Ambush deep in the valley of death
By Philip Smucker
KALAGUSH, Nuristan province - Sergeant Mike Mathews packed his mortar system
into the back of his jeep and bent over to pick up a leftover plastic wrapper
as he prepared to saddle up for the three-hour ride back to base. Up the road,
amid cackling chickens and amused children, naval commander Caleb Kerr and his
lieutenant chuckled and bid farewell to a cheery Afghan police commander.
Aircraft surveying the rocks detected nothing unusual.
In an instant, however, the mountainside above the rocky town of Doab erupted
in muzzle flashes. For the next several hours, American soldiers in a convoy of
18 vehicles scrambled for cover as rockets and mortars rained down from the
mountainsides and
US helicopters swept in to evacuate the injured. Along with several of his best
soldiers out of Fort Hood, Texas, Lieutenant Dashielle Ballarta, 24, displayed
composure in the face of fire as his mortar team fell to Taliban bullets.
Indeed, over the next five hours, three insurgent commanders with an estimated
four dozen fighters would ambush the American soldiers at three different
locations along a road with sheer drop-offs of 300 meters.

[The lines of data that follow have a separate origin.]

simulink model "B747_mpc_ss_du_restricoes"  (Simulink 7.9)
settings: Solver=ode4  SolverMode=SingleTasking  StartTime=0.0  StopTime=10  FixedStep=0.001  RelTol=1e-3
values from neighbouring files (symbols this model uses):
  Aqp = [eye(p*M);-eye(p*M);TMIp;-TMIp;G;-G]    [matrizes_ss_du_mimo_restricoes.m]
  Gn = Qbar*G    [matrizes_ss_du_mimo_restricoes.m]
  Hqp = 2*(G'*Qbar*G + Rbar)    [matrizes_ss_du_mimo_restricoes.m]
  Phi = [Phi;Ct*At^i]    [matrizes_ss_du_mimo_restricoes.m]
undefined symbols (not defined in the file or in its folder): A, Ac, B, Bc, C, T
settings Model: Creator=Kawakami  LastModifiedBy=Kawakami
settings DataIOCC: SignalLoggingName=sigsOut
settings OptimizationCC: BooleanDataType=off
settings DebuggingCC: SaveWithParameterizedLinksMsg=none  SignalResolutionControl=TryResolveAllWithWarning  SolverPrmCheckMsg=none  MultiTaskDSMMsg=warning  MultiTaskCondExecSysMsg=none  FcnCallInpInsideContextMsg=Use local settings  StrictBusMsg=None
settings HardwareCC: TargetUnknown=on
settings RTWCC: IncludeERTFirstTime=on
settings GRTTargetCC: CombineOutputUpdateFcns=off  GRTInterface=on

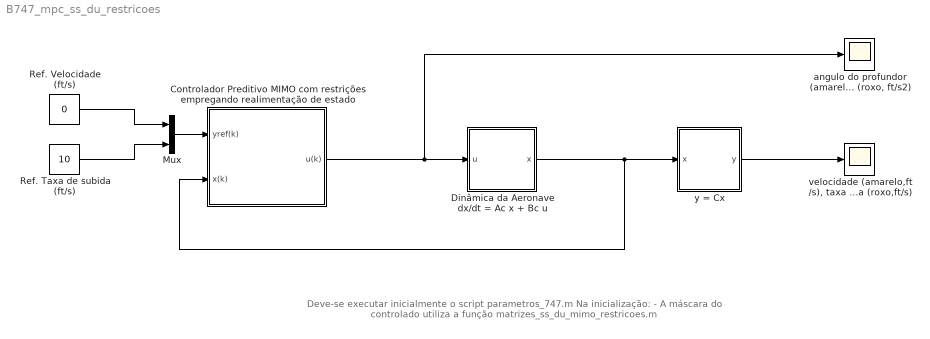
== system B747_mpc_ss_du_restricoes ==
  note: Deve-se executar inicialmente o script parametros_747.m
      |
      | Na inicialização:
      | - A máscara do controlado utiliza a função matrizes_ss_du_mimo_restricoes.m
  Controlador Preditivo MIMO com restrições empregando realimentação de estado : Subsystem  mask{rho=[1;1], mu=[1;1], N=20, M=10, A=A, B=B, C=C, dulim=[-inf inf;-inf inf], ulim=[-inf inf;-inf inf], ylim=[-inf inf;-inf inf], T=T}
      mask prompts: rho "Pesos dos controle (rho) (p x 1)"; mu "Pesos das saídas mu (q x 1)"; N "Horizonte de Predição (N)"; M "Horizonte de Controle (M)"; A "Matriz A (n x n)"; B "Matriz B (n x p)"; C "Matriz C (q x n)"; dulim "[dumin, dumax] (p x 2)"; ulim "[umin, umax] (p x 2)"; ylim "[ymin, ymax] (q x 2)"; T "Periodo de amostragem"
      mask init:
      | [Phi,Gn,Hqp,Aqp] = matrizes_ss_du_mimo_restricoes(A,B,C,N,M,mu,rho);
      | n = size(A,1);
      | p = size(B,2);
      | q = size(C,1);
      | umin = ulim(:,1);
      | umax = ulim(:,2);
      | dumin = dulim(:,1);
      | dumax = dulim(:,2);
      | ymin = ylim(:,1);
      | ymax = ylim(:,2);
  Dinâmica da Aeronave dx/dt = Ac x + Bc u : Subsystem
  Mux : Mux  Inputs=2
  Ref. Taxa de subida (ft/s) : Constant  Value=10
  Ref. Velocidade (ft/s) : Constant  Value=0
  "angulo do profundor (amarelo, crad) tração específica (roxo, ft/s2)" : Scope
      settings: TimeRange=10  YMax=3  SaveName=y1
  "velocidade (amarelo,ft/s), taxa de subida (roxo,ft/s)" : Scope
      settings: TimeRange=10  YMin=-2  YMax=12  SaveName=y
  y = Cx : Subsystem
  wires:
  Controlador Preditivo MIMO com restrições empregando realimentação de estado/1(u(k)) -> "angulo do profundor (amarelo, crad) tração específica (roxo, ft/s2)"/1, Dinâmica da Aeronave dx/dt = Ac x + Bc u/1(u)
  Dinâmica da Aeronave dx/dt = Ac x + Bc u/1(x) -> y = Cx/1(x), Controlador Preditivo MIMO com restrições empregando realimentação de estado/2(x(k))
  Mux/1 -> Controlador Preditivo MIMO com restrições empregando realimentação de estado/1(yref(k))
  Ref. Velocidade (ft/s)/1 -> Mux/1
  Ref. Taxa de subida (ft/s)/1 -> Mux/2
  y = Cx/1(y) -> "velocidade (amarelo,ft/s), taxa de subida (roxo,ft/s)"/1

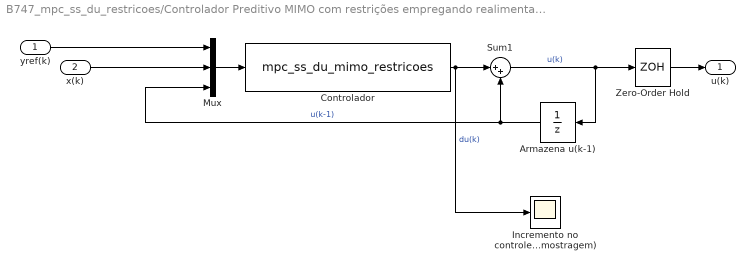
== system B747_mpc_ss_du_restricoes/Controlador Preditivo MIMO com restrições empregando realimentação de estado ==
  yref(k) : Inport
  x(k) : Inport  Port=2
  Armazena u(k-1) : UnitDelay  SampleTime=T
  Controlador : S-Function  FunctionName=mpc_ss_du_mimo_restricoes  Parameters=Phi,Gn,Hqp,Aqp,dumax,dumin,umax,umin,ymax,ymin,p,q,n,M,N,T  EnableBusSupport=off
  Incremento no controle du (volts/período de amostragem) : Scope
      settings: TimeRange=2  YMin=-0.3  YMax=0.2
  Mux : Mux  Inputs=3
  Sum1 : Sum  Inputs=|++  SaturateOnIntegerOverflow=on  InputSameDT=on  OutDataTypeStr=Inherit: Same as first input
  Zero-Order Hold : ZeroOrderHold  SampleTime=T
  u(k) : Outport
  wires:
  Mux/1 -> Controlador/1
  Zero-Order Hold/1 -> u(k)/1
  x(k)/1 -> Mux/2
  yref(k)/1 -> Mux/1
  Sum1/1 -> Zero-Order Hold/1, Armazena u(k-1)/1  "u(k)"
  Armazena u(k-1)/1 -> Sum1/2, Mux/3  "u(k-1)"
  Controlador/1 -> Sum1/1, Incremento no controle du (volts/período de amostragem)/1  "du(k)"

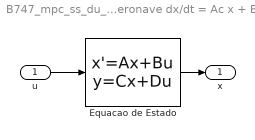
== system B747_mpc_ss_du_restricoes/Dinâmica da Aeronave dx/dt = Ac x + Bc u ==
  u : Inport
  Equacao de Estado : StateSpace  A=Ac  B=Bc  C=eye(size(A,1),size(A,1))  D=zeros(size(A,1),size(B,2))  X0=zeros(size(A,1),1)
  x : Outport
  wires:
  u/1 -> Equacao de Estado/1
  Equacao de Estado/1 -> x/1

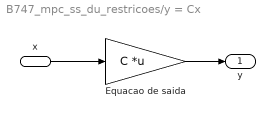
== system B747_mpc_ss_du_restricoes/y = Cx ==
  x : Inport
  Equacao de saida : Gain  Gain=C  Multiplication=Matrix(K*u)  SaturateOnIntegerOverflow=on  OutDataTypeStr=Inherit: Same as input  ParamDataTypeStr=Inherit: Same as input
  y : Outport
  wires:
  x/1 -> Equacao de saida/1
  Equacao de saida/1 -> y/1

Only the fast reactions of US soldiers and medics would avert what commanders
said could well have been a "slaughter" of American and Afghan forces. In the
end, the Americans would boast that "we kicked some ass up there", but the
insurgents would also claim victory; dancing on the splintered remains of an
abandoned US Humvee and vowing to keep the Americans from establishing a
foothold north of their base in Kalagush, Nuristan.
This province, with its jagged peaks that rise two kilometers high into the
blue skies above Pakistan, is known as Afghanistan's "forgotten province". But
the intensity of the March 30 attack on a US military humanitarian aid convoy
suggests that al-Qaeda and the Taliban have designated northern Nuristan as a
key infiltration route and supply line for a growing insurgency.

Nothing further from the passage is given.